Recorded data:
○ ○ ○ ○
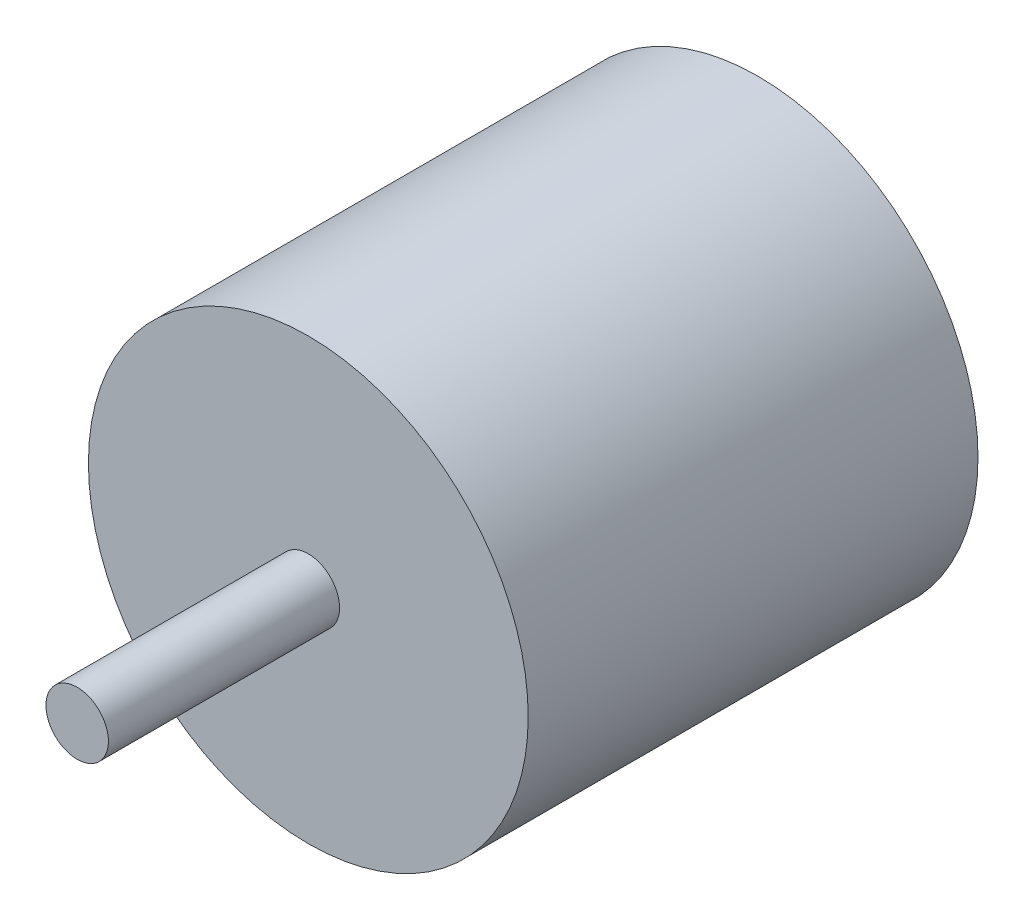
SolidWorks part; units mm, degrees
ref_plane "Front Plane" through (0, 0, 0) normal (0, 0, 1) x (1, 0, 0)
ref_plane "Top Plane" through (0, 0, 0) normal (0, 1, 0) x (1, 0, 0)
ref_plane "Right Plane" through (0, 0, 0) normal (1, 0, 0) x (0, 0, -1)
sketch "Эскиз1" plane through (0, 0, 0) normal (0, 0, 1) x (1, 0, 0)
  circle A0 centre (0, 0) radius 17.6
  circle A2 centre (0, 0) radius 2.5
  dimension "D1" = 35.2
  dimension "D2" = 5
extrude "Бобышка-Вытянуть1" add sketch "Эскиз1" along normal blind 36 contours A0 A2 | A2 region at (-17.1022, 0, 0) region at (0, 0, 0)
extrude "Бобышка-Вытянуть2" add sketch "Эскиз1<4>" against normal blind 2 contours A2 region at (0, 0, 0)
sketch "Эскиз1<4>" plane through (0, 0, 0) normal (0, 0, 1) x (1, 0, 0) same geometry as "Эскиз1"
extrude "Бобышка-Вытянуть3" add sketch "Эскиз1<5>" along normal blind 18.5 from surface contours A2 region at (0, 0, 0) starting at face at (17.6, 0, 36)
sketch "Эскиз1<5>" plane through (0, 0, 0) normal (0, 0, 1) x (1, 0, 0) same geometry as "Эскиз1"
sketch "Эскиз2" plane through (0, 0, 0) normal (0, 0, -1) x (-1, 0, 0)
  line L0 (0, 12.7296) -> (0, -13.7176) construction
  line L1 (-11.1336, 0) -> (11.8936, 0) construction
  circle A0 centre (0, 12.5) radius 1.5
  circle A1 centre (-9.5, 0) radius 1.5
  circle A2 centre (0, -12.5) radius 1.5
  circle A3 centre (9.5, 0) radius 1.5
  dimension "D1" = 3
  dimension "D3" = 9.5
  dimension "D2" = 12.5
extrude "Вырез-Вытянуть1" cut sketch "Эскиз2" against normal blind 3
○ ○ ○ ○
▶ Task brief:
Every line of the records must come back unchanged, except that pictures are dropped.

▶ Solution for this exercise:
SolidWorks part; units mm, degrees
ref_plane "Front Plane" through (0, 0, 0) normal (0, 0, 1) x (1, 0, 0)
ref_plane "Top Plane" through (0, 0, 0) normal (0, 1, 0) x (1, 0, 0)
ref_plane "Right Plane" through (0, 0, 0) normal (1, 0, 0) x (0, 0, -1)
sketch "Эскиз1" plane through (0, 0, 0) normal (0, 0, 1) x (1, 0, 0)
  circle A0 centre (0, 0) radius 17.6
  circle A2 centre (0, 0) radius 2.5
  dimension "D1" = 35.2
  dimension "D2" = 5
extrude "Бобышка-Вытянуть1" add sketch "Эскиз1" along normal blind 36 contours A0 A2 | A2 region at (-17.1022, 0, 0) region at (0, 0, 0)
extrude "Бобышка-Вытянуть2" add sketch "Эскиз1<4>" against normal blind 2 contours A2 region at (0, 0, 0)
sketch "Эскиз1<4>" plane through (0, 0, 0) normal (0, 0, 1) x (1, 0, 0) same geometry as "Эскиз1"
extrude "Бобышка-Вытянуть3" add sketch "Эскиз1<5>" along normal blind 18.5 from surface contours A2 region at (0, 0, 0) starting at face at (17.6, 0, 36)
sketch "Эскиз1<5>" plane through (0, 0, 0) normal (0, 0, 1) x (1, 0, 0) same geometry as "Эскиз1"
sketch "Эскиз2" plane through (0, 0, 0) normal (0, 0, -1) x (-1, 0, 0)
  line L0 (0, 12.7296) -> (0, -13.7176) construction
  line L1 (-11.1336, 0) -> (11.8936, 0) construction
  circle A0 centre (0, 12.5) radius 1.5
  circle A1 centre (-9.5, 0) radius 1.5
  circle A2 centre (0, -12.5) radius 1.5
  circle A3 centre (9.5, 0) radius 1.5
  dimension "D1" = 3
  dimension "D3" = 9.5
  dimension "D2" = 12.5
extrude "Вырез-Вытянуть1" cut sketch "Эскиз2" against normal blind 3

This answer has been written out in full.